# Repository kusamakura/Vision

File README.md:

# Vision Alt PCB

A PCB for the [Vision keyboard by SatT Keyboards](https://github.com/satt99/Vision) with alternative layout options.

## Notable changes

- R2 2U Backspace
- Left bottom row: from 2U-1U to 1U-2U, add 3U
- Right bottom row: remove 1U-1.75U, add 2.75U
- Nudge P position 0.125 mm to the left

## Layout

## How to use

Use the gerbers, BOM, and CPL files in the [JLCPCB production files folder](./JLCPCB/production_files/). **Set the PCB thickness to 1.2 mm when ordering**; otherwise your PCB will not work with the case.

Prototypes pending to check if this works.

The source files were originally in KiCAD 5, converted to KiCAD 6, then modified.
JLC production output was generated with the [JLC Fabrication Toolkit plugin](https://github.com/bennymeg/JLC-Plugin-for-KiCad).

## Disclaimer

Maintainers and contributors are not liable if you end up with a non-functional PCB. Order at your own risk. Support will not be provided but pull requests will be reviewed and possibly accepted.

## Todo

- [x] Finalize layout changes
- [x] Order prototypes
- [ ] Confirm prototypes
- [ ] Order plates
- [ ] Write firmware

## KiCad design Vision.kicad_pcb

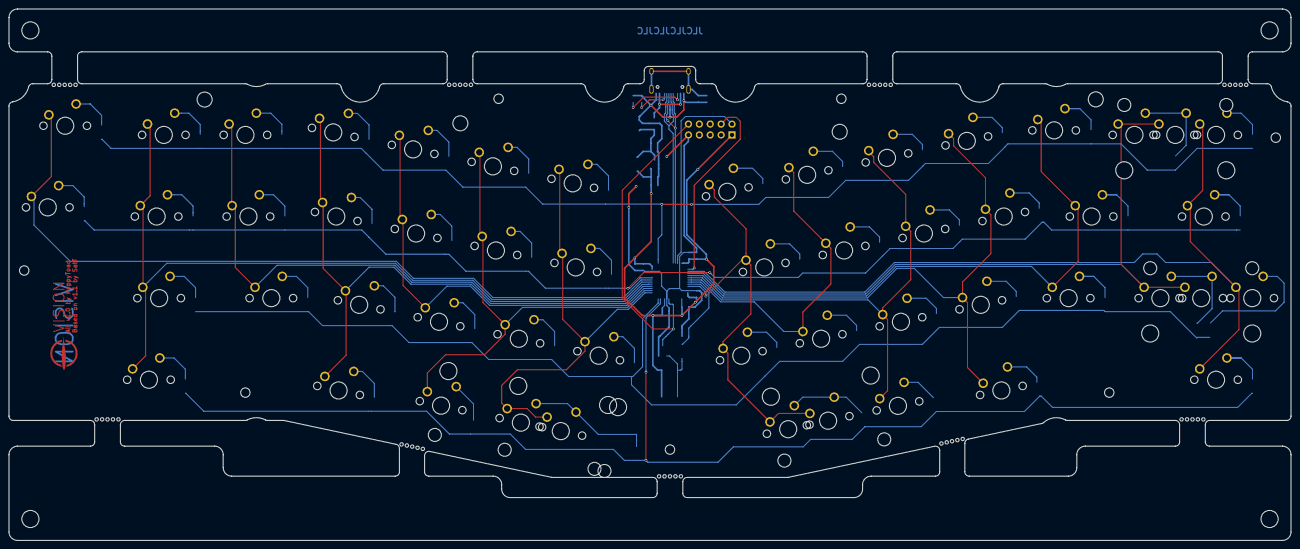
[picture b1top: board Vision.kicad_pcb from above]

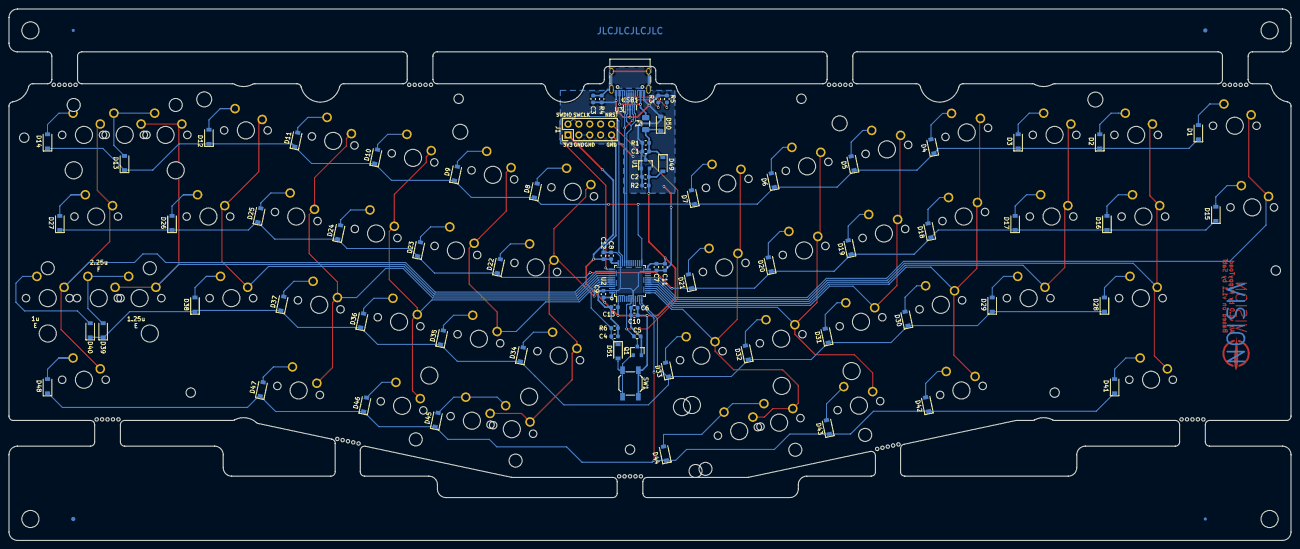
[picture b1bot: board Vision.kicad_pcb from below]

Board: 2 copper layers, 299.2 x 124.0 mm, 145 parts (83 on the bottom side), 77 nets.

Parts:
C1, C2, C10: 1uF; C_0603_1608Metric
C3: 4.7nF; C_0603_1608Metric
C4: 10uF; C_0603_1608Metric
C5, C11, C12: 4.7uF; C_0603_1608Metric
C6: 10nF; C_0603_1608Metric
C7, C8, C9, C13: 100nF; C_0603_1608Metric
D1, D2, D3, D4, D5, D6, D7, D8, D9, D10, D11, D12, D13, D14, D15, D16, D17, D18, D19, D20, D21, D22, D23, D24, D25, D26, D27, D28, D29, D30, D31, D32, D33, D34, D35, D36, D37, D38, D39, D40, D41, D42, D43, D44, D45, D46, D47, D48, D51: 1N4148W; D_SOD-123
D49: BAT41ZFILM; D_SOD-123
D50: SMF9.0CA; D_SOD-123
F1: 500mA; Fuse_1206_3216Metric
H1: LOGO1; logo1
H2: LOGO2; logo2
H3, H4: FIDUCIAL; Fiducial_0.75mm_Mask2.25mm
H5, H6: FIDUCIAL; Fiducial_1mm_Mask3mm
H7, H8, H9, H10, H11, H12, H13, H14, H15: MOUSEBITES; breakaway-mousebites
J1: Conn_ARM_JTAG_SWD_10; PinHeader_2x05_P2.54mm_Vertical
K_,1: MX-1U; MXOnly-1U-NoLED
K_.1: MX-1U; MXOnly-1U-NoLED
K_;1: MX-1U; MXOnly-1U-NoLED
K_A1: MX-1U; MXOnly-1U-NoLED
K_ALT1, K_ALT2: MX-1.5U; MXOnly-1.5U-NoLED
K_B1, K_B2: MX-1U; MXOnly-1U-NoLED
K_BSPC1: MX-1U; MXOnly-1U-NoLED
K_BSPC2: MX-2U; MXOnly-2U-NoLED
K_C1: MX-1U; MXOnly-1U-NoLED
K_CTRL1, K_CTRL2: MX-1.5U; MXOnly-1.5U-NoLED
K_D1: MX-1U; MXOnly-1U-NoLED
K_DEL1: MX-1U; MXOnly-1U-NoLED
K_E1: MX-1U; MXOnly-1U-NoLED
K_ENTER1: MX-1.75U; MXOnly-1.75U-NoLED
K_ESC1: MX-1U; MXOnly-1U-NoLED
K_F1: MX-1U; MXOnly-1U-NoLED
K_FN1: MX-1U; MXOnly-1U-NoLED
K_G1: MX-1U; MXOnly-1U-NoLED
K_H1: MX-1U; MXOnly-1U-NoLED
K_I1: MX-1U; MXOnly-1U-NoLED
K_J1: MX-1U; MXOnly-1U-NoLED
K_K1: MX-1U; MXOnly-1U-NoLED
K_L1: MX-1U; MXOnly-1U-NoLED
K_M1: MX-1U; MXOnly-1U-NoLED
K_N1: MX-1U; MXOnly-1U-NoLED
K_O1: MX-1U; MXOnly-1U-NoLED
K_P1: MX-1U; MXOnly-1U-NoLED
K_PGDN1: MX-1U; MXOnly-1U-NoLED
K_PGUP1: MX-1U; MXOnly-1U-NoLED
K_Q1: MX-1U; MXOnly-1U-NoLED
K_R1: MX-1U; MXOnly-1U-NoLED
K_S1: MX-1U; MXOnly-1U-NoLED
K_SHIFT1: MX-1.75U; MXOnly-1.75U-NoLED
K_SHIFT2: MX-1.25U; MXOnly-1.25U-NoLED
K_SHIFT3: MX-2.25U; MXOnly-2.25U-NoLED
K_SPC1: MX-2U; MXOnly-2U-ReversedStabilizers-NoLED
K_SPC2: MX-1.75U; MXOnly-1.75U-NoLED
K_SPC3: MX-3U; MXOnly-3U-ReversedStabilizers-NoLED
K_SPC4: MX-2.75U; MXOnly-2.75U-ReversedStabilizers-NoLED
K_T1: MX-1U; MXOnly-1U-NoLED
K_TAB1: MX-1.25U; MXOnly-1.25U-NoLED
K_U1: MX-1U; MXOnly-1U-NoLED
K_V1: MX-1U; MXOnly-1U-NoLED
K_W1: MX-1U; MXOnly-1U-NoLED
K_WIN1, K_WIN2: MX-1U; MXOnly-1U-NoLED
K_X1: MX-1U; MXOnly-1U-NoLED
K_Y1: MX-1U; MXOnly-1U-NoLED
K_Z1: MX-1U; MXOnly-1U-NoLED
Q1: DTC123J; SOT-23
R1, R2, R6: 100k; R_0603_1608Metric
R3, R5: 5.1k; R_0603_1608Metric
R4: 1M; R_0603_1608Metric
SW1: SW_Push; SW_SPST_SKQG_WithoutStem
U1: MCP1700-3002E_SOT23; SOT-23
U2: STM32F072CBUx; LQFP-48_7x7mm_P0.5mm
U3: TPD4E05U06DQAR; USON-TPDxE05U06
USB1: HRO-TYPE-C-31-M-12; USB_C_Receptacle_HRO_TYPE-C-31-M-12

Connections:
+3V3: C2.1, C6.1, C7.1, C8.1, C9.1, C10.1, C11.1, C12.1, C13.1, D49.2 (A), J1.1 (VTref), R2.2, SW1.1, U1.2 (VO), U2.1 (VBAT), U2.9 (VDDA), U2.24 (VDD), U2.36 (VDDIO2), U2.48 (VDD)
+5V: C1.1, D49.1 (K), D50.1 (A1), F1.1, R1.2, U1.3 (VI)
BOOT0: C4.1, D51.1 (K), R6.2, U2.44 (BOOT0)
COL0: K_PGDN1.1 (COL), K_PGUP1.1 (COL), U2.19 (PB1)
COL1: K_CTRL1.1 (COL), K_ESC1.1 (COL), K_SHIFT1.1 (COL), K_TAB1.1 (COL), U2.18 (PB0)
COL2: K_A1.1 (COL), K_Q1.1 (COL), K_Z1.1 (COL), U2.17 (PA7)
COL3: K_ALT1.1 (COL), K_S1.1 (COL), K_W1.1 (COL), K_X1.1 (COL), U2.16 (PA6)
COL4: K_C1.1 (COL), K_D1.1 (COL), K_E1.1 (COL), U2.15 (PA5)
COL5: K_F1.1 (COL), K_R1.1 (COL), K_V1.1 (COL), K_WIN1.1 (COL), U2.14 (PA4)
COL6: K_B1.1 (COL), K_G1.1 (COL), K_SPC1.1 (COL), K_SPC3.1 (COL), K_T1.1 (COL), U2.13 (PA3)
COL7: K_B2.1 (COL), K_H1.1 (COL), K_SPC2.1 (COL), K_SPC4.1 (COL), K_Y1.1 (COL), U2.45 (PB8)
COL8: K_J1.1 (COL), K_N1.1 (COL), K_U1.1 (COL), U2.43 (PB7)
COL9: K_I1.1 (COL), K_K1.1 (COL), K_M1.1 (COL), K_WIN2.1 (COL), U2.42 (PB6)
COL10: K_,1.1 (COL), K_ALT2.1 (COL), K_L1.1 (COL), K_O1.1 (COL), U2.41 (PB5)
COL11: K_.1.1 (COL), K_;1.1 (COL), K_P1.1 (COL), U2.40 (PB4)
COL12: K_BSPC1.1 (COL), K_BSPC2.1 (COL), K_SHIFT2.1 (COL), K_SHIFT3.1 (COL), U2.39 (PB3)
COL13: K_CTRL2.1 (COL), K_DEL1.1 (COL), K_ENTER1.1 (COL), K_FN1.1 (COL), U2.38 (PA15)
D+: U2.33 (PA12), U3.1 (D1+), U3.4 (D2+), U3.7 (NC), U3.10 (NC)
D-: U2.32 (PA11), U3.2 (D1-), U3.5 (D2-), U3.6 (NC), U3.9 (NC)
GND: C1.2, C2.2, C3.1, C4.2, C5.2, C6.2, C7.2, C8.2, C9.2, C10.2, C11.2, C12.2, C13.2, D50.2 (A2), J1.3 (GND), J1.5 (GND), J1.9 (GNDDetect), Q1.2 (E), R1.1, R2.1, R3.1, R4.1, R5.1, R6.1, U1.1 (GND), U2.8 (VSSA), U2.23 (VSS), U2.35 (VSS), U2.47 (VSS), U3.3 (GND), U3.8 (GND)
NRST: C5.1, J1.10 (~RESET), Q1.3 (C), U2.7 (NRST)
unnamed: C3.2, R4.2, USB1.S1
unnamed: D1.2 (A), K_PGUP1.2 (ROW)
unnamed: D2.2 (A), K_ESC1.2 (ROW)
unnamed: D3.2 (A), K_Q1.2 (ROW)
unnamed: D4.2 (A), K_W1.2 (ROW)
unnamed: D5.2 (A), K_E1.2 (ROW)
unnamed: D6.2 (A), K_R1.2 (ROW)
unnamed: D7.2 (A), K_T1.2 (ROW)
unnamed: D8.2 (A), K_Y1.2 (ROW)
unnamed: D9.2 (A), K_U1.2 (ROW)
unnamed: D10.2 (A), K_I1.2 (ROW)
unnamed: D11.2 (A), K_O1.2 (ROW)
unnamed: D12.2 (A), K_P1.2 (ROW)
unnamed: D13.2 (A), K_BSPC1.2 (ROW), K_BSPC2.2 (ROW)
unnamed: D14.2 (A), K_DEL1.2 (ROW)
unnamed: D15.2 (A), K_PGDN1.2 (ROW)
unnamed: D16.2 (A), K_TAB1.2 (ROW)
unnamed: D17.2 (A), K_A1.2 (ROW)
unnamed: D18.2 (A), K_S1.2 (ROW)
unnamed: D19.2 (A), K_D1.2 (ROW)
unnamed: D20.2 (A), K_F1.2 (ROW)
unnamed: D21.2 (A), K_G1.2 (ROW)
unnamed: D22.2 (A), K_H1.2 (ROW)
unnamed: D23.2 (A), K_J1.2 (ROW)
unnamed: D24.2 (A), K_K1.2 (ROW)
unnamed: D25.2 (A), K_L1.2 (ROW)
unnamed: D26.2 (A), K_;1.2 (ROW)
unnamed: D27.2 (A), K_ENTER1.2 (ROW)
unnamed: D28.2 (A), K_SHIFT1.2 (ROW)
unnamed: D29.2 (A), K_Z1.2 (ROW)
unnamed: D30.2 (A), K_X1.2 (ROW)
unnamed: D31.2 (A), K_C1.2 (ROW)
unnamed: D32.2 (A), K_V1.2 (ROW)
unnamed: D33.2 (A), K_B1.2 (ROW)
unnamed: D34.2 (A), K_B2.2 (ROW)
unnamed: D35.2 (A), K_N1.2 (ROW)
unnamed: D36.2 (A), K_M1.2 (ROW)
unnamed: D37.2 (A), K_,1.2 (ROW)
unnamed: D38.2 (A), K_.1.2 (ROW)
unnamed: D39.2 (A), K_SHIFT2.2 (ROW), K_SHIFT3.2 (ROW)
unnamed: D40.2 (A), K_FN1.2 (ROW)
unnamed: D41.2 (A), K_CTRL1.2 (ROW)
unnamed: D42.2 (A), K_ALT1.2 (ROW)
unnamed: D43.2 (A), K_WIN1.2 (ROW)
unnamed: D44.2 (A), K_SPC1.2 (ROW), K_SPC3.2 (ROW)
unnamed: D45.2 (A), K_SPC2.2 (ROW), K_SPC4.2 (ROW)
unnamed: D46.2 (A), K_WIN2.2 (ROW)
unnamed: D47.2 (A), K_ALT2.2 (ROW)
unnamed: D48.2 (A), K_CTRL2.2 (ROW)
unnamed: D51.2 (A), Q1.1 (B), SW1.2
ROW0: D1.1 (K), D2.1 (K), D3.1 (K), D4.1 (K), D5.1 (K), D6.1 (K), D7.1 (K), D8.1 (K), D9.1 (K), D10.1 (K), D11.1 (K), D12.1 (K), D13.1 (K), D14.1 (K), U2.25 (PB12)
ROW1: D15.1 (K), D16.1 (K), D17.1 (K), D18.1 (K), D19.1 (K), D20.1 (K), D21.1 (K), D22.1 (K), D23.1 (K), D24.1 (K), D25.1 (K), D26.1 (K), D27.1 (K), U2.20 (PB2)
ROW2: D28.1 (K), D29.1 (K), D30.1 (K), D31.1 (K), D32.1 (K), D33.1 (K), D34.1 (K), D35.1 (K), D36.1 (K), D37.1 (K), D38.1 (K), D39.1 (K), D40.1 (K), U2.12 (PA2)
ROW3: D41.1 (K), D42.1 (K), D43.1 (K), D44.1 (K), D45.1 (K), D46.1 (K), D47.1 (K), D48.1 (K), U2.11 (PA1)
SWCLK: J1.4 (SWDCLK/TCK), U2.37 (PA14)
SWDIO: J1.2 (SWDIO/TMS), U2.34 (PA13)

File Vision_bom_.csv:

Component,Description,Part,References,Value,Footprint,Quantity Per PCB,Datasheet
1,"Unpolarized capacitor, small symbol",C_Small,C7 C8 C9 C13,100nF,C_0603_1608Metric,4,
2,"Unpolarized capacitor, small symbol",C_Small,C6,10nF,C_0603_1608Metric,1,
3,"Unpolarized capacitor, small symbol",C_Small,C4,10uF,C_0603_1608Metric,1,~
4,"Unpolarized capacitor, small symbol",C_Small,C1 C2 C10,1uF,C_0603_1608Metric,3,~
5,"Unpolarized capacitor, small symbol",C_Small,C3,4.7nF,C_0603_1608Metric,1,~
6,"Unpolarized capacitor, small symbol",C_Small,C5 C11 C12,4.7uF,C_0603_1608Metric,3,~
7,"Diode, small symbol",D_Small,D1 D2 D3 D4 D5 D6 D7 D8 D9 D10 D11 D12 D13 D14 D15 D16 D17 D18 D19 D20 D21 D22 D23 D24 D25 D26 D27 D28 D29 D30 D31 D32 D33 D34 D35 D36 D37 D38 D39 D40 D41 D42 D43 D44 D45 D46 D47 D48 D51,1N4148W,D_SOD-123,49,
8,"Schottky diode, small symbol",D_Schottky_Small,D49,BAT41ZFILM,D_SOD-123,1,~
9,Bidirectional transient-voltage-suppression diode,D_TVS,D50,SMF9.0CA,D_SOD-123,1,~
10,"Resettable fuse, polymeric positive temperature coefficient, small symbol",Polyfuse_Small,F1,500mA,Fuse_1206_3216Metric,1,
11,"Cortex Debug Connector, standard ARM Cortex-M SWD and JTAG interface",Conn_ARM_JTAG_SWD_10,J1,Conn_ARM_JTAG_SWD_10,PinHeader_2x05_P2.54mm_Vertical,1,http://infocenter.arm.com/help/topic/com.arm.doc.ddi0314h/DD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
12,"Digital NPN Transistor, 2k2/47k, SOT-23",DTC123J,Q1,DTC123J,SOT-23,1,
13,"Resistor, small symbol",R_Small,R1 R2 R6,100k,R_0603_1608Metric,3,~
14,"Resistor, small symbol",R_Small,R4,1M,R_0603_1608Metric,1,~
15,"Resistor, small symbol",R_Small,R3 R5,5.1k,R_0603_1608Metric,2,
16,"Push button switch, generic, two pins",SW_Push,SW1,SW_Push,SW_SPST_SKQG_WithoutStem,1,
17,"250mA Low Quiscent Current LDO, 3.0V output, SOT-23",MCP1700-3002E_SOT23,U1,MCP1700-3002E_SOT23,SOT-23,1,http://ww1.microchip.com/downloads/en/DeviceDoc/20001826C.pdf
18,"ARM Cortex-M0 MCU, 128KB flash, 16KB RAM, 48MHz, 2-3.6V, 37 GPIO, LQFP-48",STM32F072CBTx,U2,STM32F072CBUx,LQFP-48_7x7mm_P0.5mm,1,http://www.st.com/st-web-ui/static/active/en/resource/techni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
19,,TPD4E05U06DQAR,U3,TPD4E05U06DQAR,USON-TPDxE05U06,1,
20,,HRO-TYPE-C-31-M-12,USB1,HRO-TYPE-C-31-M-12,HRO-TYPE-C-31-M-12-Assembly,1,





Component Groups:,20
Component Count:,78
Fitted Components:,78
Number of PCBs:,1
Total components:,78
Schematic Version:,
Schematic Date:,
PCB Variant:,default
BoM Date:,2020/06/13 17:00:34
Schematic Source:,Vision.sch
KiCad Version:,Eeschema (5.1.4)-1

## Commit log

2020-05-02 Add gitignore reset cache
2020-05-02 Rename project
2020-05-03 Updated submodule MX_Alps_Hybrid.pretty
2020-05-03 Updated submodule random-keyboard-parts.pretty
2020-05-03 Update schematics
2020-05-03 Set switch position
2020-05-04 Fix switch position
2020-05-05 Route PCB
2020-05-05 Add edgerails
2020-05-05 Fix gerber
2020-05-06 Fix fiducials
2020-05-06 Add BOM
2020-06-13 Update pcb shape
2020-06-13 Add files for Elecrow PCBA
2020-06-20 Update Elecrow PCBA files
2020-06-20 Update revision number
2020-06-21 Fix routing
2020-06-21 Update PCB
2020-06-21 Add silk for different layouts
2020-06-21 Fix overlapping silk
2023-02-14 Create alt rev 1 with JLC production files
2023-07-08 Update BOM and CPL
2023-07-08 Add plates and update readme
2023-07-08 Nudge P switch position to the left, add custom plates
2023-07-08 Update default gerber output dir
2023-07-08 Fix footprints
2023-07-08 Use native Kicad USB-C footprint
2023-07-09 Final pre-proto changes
......
[WHAT IS REQUIRED] Write out, from the lines above, only those from the line with "unnamed: D20.2 (A), K_F1.2 (ROW)" to the line with "unnamed: D31.2 (A), K_C1.2 (ROW)", exactly as given, including the first and the last.

[SOLVED EXERCISE]
unnamed: D20.2 (A), K_F1.2 (ROW)
unnamed: D21.2 (A), K_G1.2 (ROW)
unnamed: D22.2 (A), K_H1.2 (ROW)
unnamed: D23.2 (A), K_J1.2 (ROW)
unnamed: D24.2 (A), K_K1.2 (ROW)
unnamed: D25.2 (A), K_L1.2 (ROW)
unnamed: D26.2 (A), K_;1.2 (ROW)
unnamed: D27.2 (A), K_ENTER1.2 (ROW)
unnamed: D28.2 (A), K_SHIFT1.2 (ROW)
unnamed: D29.2 (A), K_Z1.2 (ROW)
unnamed: D30.2 (A), K_X1.2 (ROW)
unnamed: D31.2 (A), K_C1.2 (ROW)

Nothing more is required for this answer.